Now developer and qa roles have the access privileges awdD (append/insert, write/update, delete, and truncate) for the table integration_tests.

  1. Access privileges
  2. Schema | Name | Type | Access privileges | Column privileges | Policies
  3. --------+-------------------+-------+---------------------------+-------------------+----------
  4. public | integration_tests | table | yugabyte=arwdDxt/yugabyte+| |
  5. | | | engineering=r/yugabyte +| |
  6. | | | developer=awdD/yugabyte +| |
  7. | | | qa=awdD/yugabyte | |

Grant alter table access

QA (qa) should be able to alter the table integration_tests in the database dev_database. This can be done as follows.

  1. yugabyte=# ALTER TABLE integration_tests OWNER TO qa;

Once again, run the following command to verify the privileges.

  1. yugabyte=# SELECT * FROM system_auth.role_privileges;

We should see that owner has changed from yugabyte to qa and qa has all access privileges (arwdDxt) on the table integration_tests.

  1. Access privileges
  2. Schema | Name | Type | Access privileges | Column privileges | Policies
  3. --------+-------------------+-------+-------------------+-------------------+----------
  4. public | integration_tests | table | qa=arwdDxt/qa +| |
  5. | | | steve=arw/qa +| |
  6. | | | engineering=r/qa +| |
  7. | | | test=r/qa +| |
  8. | | | eng=r/qa +| |
  9. | | | developer=awdD/qa | |

Grant all privileges

DB admins should be able to perform all operations on any database. There are two ways to achieve this:

  • The DB admins can be granted the superuser privilege. Read more about granting the superuser privilege to roles. Note that doing this will give the DB admin all the privileges over all the roles as well.

  • Grant ALL privileges to the db_admin role.
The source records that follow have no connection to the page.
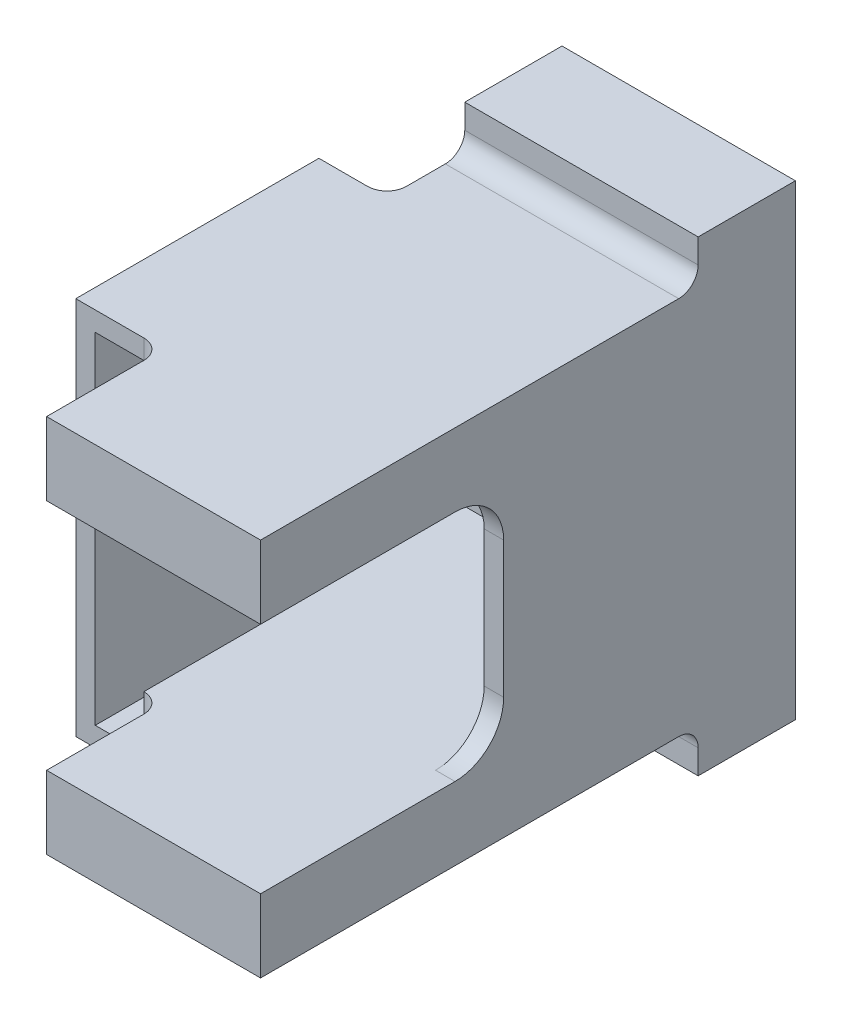
SolidWorks part; units mm, degrees
ref_plane "正面" through (0, 0, 0) normal (0, 0, 1) x (1, 0, 0)
ref_plane "平面" through (0, 0, 0) normal (0, 1, 0) x (1, 0, 0)
ref_plane "右側面" through (0, 0, 0) normal (1, 0, 0) x (0, 0, -1)
sketch "ｽｹｯﾁ2" plane through (0, 0, 0) normal (0, 0, 1) x (1, 0, 0)
  line L1 (-12, 14) -> (12, 14)
  line L2 (-12, 14) -> (-12, -14)
  line L3 (-12, -14) -> (12, -14)
  line L4 (12, 14) -> (12, -14)
  line L5 (-12, 14) -> (12, -14) construction
  line L6 (-12, -14) -> (12, 14) construction
  point P0 (0, 0)
  dimension "D1" = 24
  dimension "D2" = 28
extrude "ﾎﾞｽ - 押し出し1" add sketch "ｽｹｯﾁ2" along normal blind 22
sketch "ｽｹｯﾁ3" plane through (0, 0, 22) normal (0, 0, 1) x (1, 0, 0)
  line L1 (10, 12) -> (-10, 12)
  line L2 (10, 12) -> (10, -12)
  line L3 (10, -12) -> (-10, -12)
  line L4 (-10, 12) -> (-10, -12)
  line L5 (10, 12) -> (-10, -12) construction
  line L6 (10, -12) -> (-10, 12) construction
  point P0 (0, 0)
  dimension "D1" = 24
  dimension "D2" = 20
extrude "ｶｯﾄ - 押し出し1" cut sketch "ｽｹｯﾁ3" against normal blind 18
sketch "ｽｹｯﾁ4" plane through (0, 0, 4) normal (0, 0, 1) x (1, 0, 0)
  line L0 (10, -12) -> (10, 12) construction
  line L1 (-12, 6.5) -> (4, 6.5)
  line L2 (-12, 6.5) -> (-12, -6.5)
  line L3 (-12, -6.5) -> (4, -6.5)
  line L4 (4, 6.5) -> (4, -6.5)
  line L5 (-12, 6.5) -> (4, -6.5) construction
  line L6 (-12, -6.5) -> (4, 6.5) construction
  line L8 (-12, 14) -> (-12, -14) construction
  point P0 (-4, 0)
  dimension "D1" = 6
  dimension "D3" = 13
extrude "ｶｯﾄ - 押し出し3" cut sketch "ｽｹｯﾁ4" against normal through all
sketch "ｽｹｯﾁ6" plane through (-12, 0, 0) normal (-1, 0, 0) x (0, 0, 1)
  line L0 (22, 14) -> (22, -14) construction
  line L1 (22, 12) -> (2, 12)
  line L2 (22, 12) -> (22, -12)
  line L3 (22, -12) -> (2, -12)
  line L4 (2, 12) -> (2, -12)
  line L5 (22, 12) -> (2, -12) construction
  line L6 (22, -12) -> (2, 12) construction
  line L7 (22, 14) -> (0, 14) construction
  line L8 (22, -14) -> (0, -14) construction
  line L9 (0, 14) -> (0, 6.5) construction
  point P0 (12, 0)
  dimension "D1" = 2
  dimension "D2" = 2
  dimension "D3" = 2
extrude "ｶｯﾄ - 押し出し4" cut sketch "ｽｹｯﾁ6" against normal blind 5
sketch "ｽｹｯﾁ7" plane through (0, -14, 0) normal (0, -1, 0) x (1, 0, 0)
  line L0 (12, 22) -> (12, 0) construction
  line L1 (-12, 2) -> (12, 2)
  line L2 (-12, 2) -> (-12, 0)
  line L3 (-12, 0) -> (12, 0)
  line L4 (12, 2) -> (12, 0)
  line L5 (-12, 2) -> (12, 0) construction
  line L6 (-12, 0) -> (12, 2) construction
  point P0 (0, 1)
  dimension "D1" = 2
extrude "ﾎﾞｽ - 押し出し3" add sketch "ｽｹｯﾁ7" along normal blind 10
sketch "ｽｹｯﾁ8" plane through (0, 14, 0) normal (0, 1, 0) x (1, 0, 0)
  line L0 (12, 0) -> (-12, 0) construction
  line L1 (12, -2) -> (-12, -2)
  line L2 (12, -2) -> (12, 0)
  line L3 (12, 0) -> (-12, 0)
  line L4 (-12, -2) -> (-12, 0)
  line L5 (12, -2) -> (-12, 0) construction
  line L6 (12, 0) -> (-12, -2) construction
  line L7 (-12, -22) -> (-12, 0) construction
  line L8 (12, -22) -> (12, 0) construction
  point P0 (0, -1)
  dimension "D1" = 2
extrude "ﾎﾞｽ - 押し出し4" add sketch "ｽｹｯﾁ8" along normal blind 10
ref_plane "平面1" through (0, 0, 0) normal (1, 0, 0) x (0, 0, -1)
sketch "ｽｹｯﾁ9" plane through (0, 0, 0) normal (0, 0, -1) x (-1, 0, 0)
  line L0 (12, 17.5) -> (17, 17.5)
  line L2 (17, 17.5) -> (17, -17.5)
  line L3 (17, -17.5) -> (12, -17.5)
  line L5 (12, 24) -> (12, 6.5) construction
  line L7 (10, 19.5) -> (19, 19.5)
  line L8 (19, 19.5) -> (19, -19.5)
  line L9 (19, -19.5) -> (10, -19.5)
  line L12 (12, -6.5) -> (12, -24) construction
  line L13 (10, -19.5) -> (10, -12)
  line L14 (10, -12) -> (12, -12)
  line L15 (12, -12) -> (12, -17.5)
  line L16 (12, -6.5) -> (-4, -6.5) construction
  line L17 (10, 19.5) -> (10, 12)
  line L18 (10, 12) -> (12, 12)
  line L19 (12, 12) -> (12, 17.5)
  line L20 (-4, 6.5) -> (12, 6.5) construction
  point P2 (17, 0)
  dimension "D1" = 35
  dimension "D2" = 5
  dimension "D3" = 2
  dimension "D4" = 2
  dimension "D5" = 2
  dimension "D6" = 2
  dimension "D7" = 5.5
  dimension "D8" = 5.5
  dimension "D9" = 2
extrude "ﾎﾞｽ - 押し出し5" add sketch "ｽｹｯﾁ9" against normal blind 35
sketch "ｽｹｯﾁ10" plane through (0, 0, 22) normal (0, 0, 1) x (1, 0, 0)
  line L1 (-10, 12) -> (12, 12)
  line L2 (-10, 12) -> (-10, 14)
  line L3 (-10, 14) -> (12, 14)
  line L4 (12, 12) -> (12, 14)
  line L5 (-10, -12) -> (12, -12)
  line L6 (-10, -12) -> (-10, -14)
  line L7 (-10, -14) -> (12, -14)
  line L8 (12, -12) -> (12, -14)
extrude "ﾎﾞｽ - 押し出し6" add sketch "ｽｹｯﾁ10" along normal blind 25
fillet "ﾌｨﾚｯﾄ2" radius 5 2 edges at (11, 12, 22) (11, -12, 22)
sketch "ｽｹｯﾁ11" plane through (0, 19.5, 0) normal (0, 1, 0) x (1, 0, 0)
  line L0 (-19, -35) -> (-19, 0) construction
  line L1 (-12, 0) -> (-19, 0)
  line L2 (-12, 0) -> (-12, -10)
  line L3 (-12, -10) -> (-19, -10)
  line L4 (-19, 0) -> (-19, -10)
  dimension "D1" = 10
extrude "ｶｯﾄ - 押し出し5" cut sketch "ｽｹｯﾁ11" against normal through all
fillet "ﾌｨﾚｯﾄ4" radius 2 2 edges at (-12, -18.5, 10) (-12, 18.5, 10)
sketch "ｽｹｯﾁ12" plane through (0, 0, 0) normal (0, 0, -1) x (-1, 0, 0)
  line L0 (10, -8.5) -> (10, -22)
  line L1 (-12, 24) -> (12, 24)
  line L2 (-12, 24) -> (-12, 6.5)
  line L3 (-4, 6.5) -> (12, 6.5)
  line L4 (12, 24) -> (12, 6.5)
  line L5 (12, -6.5) -> (-4, -6.5)
  line L6 (12, -6.5) -> (12, -24)
  line L7 (12, -24) -> (-12, -24)
  line L8 (-12, -6.5) -> (-12, -24)
  line L9 (10, -22) -> (-10, -22)
  line L10 (-10, -8.5) -> (-10, -22)
  line L11 (10, -8.5) -> (-10, -8.5)
  line L12 (-10, 22) -> (10, 22)
  line L13 (10, 22) -> (10, 8.5)
  line L14 (-10, 8.5) -> (10, 8.5)
  line L15 (-10, 22) -> (-10, 8.5)
  line L16 (-12, 6.5) -> (-12, -6.5)
  line L17 (-4, 6.5) -> (-4, -6.5)
  line L18 (-4, -6.5) -> (-4, 6.5) construction
  line L19 (-12, 6.5) -> (12, 6.5) construction
  line L20 (-12, -24) -> (-12, 24) construction
  line L21 (12, -6.5) -> (-12, -6.5) construction
  point P26 (-12, 6.5)
  point P29 (-4.007, 6.5)
  dimension "D1" = 2
  dimension "D2" = 2
extrude "ﾎﾞｽ - 押し出し7" add sketch "ｽｹｯﾁ12" along normal blind 8
sketch "ｽｹｯﾁ13" plane through (0, 0, -8) normal (0, 0, -1) x (-1, 0, 0)
  line L0 (-10, 22) -> (10, 8.5)
  line L1 (10, 8.5) -> (10, 22) construction
  line L2 (-10, 8.5) -> (10, 8.5) construction
  line L3 (-10, 8.5) -> (10, 22)
  line L4 (-10, -8.5) -> (10, -22)
  line L5 (-10, -22) -> (10, -8.5)
rib "ﾘﾌﾞ1" sketch "ｽｹｯﾁ13" sketch "ｽｹｯﾁ13" thickness 2 extrusion direction normal to sketch draft on no parameters "D1"=2
sketch "ｽｹｯﾁ14" plane through (0, 0, 2) normal (0, 0, 1) x (1, 0, 0)
  line L0 (-10, 19.5) -> (-10, 14) construction
  line L1 (12, 14) -> (-10, 14)
  line L2 (12, 14) -> (12, 19.5)
  line L3 (12, 19.5) -> (-10, 19.5)
  line L4 (-10, 14) -> (-10, 19.5)
  line L5 (-10, 19.5) -> (-10, 14) construction
  line L7 (12, -14) -> (-10, -14)
  line L8 (12, -14) -> (12, -19.5)
  line L9 (12, -19.5) -> (-10, -19.5)
  line L10 (-10, -14) -> (-10, -19.5)
extrude "ﾎﾞｽ - 押し出し8" add sketch "ｽｹｯﾁ14" along normal blind 45
fillet "ﾌｨﾚｯﾄ5" radius 2 4 edges at (0, -19.5, 2) (0, 19.5, 2) (-10, -15.75, 35) (-10, 15.75, 35)

This can be achieved as follows.

  1. dev_database=# ALTER USER db_admin WITH SUPERUSER;

Run the following command to verify the privileges:

  1. dev_database=# \du

We should see the following, which grants the Superuser privileges on the to the role db_admin.

  1. List of roles
  2. Role name | Attributes | Member of
  3. -------------+------------------------------------------------------------+---------------
  4. db_admin | Superuser | {engineering}
  5. developer | Cannot login | {engineering}
  6. eng | Cannot login | {}
  7. engineering | Cannot login | {}
  8. postgres | Superuser, Create role, Create DB, Replication, Bypass RLS | {}
  9. qa | Cannot login | {engineering}
  10. yugabyte | Superuser, Create role, Create DB, Replication, Bypass RLS | {}

4. Revoke privileges from roles

Let us say we want to revoke the Superuser privilege from the DB admins so that they can no longer change privileges for other roles. This can be done as follows.

  1. yugabyte=# ALTER USER db_admin WITH NOSUPERUSER;

Run the following command to verify the privileges.

  1. yugabyte=# \du

We should see the following output.

  1. List of roles
  2. Role name | Attributes | Member of
  3. -------------+------------------------------------------------------------+---------------
  4. db_admin | | {engineering}
  5. developer | Cannot login | {engineering}
  6. eng | Cannot login | {}
  7. engineering | Cannot login | {}
  8. postgres | Superuser, Create role, Create DB, Replication, Bypass RLS | {}
  9. qa | Cannot login | {engineering}
  10. steve | | {}
  11. test | | {}
  12. yugabyte | Superuser, Create role, Create DB, Replication, Bypass RLS | {}

The Superuser privilege is no longer granted to the db_admin role.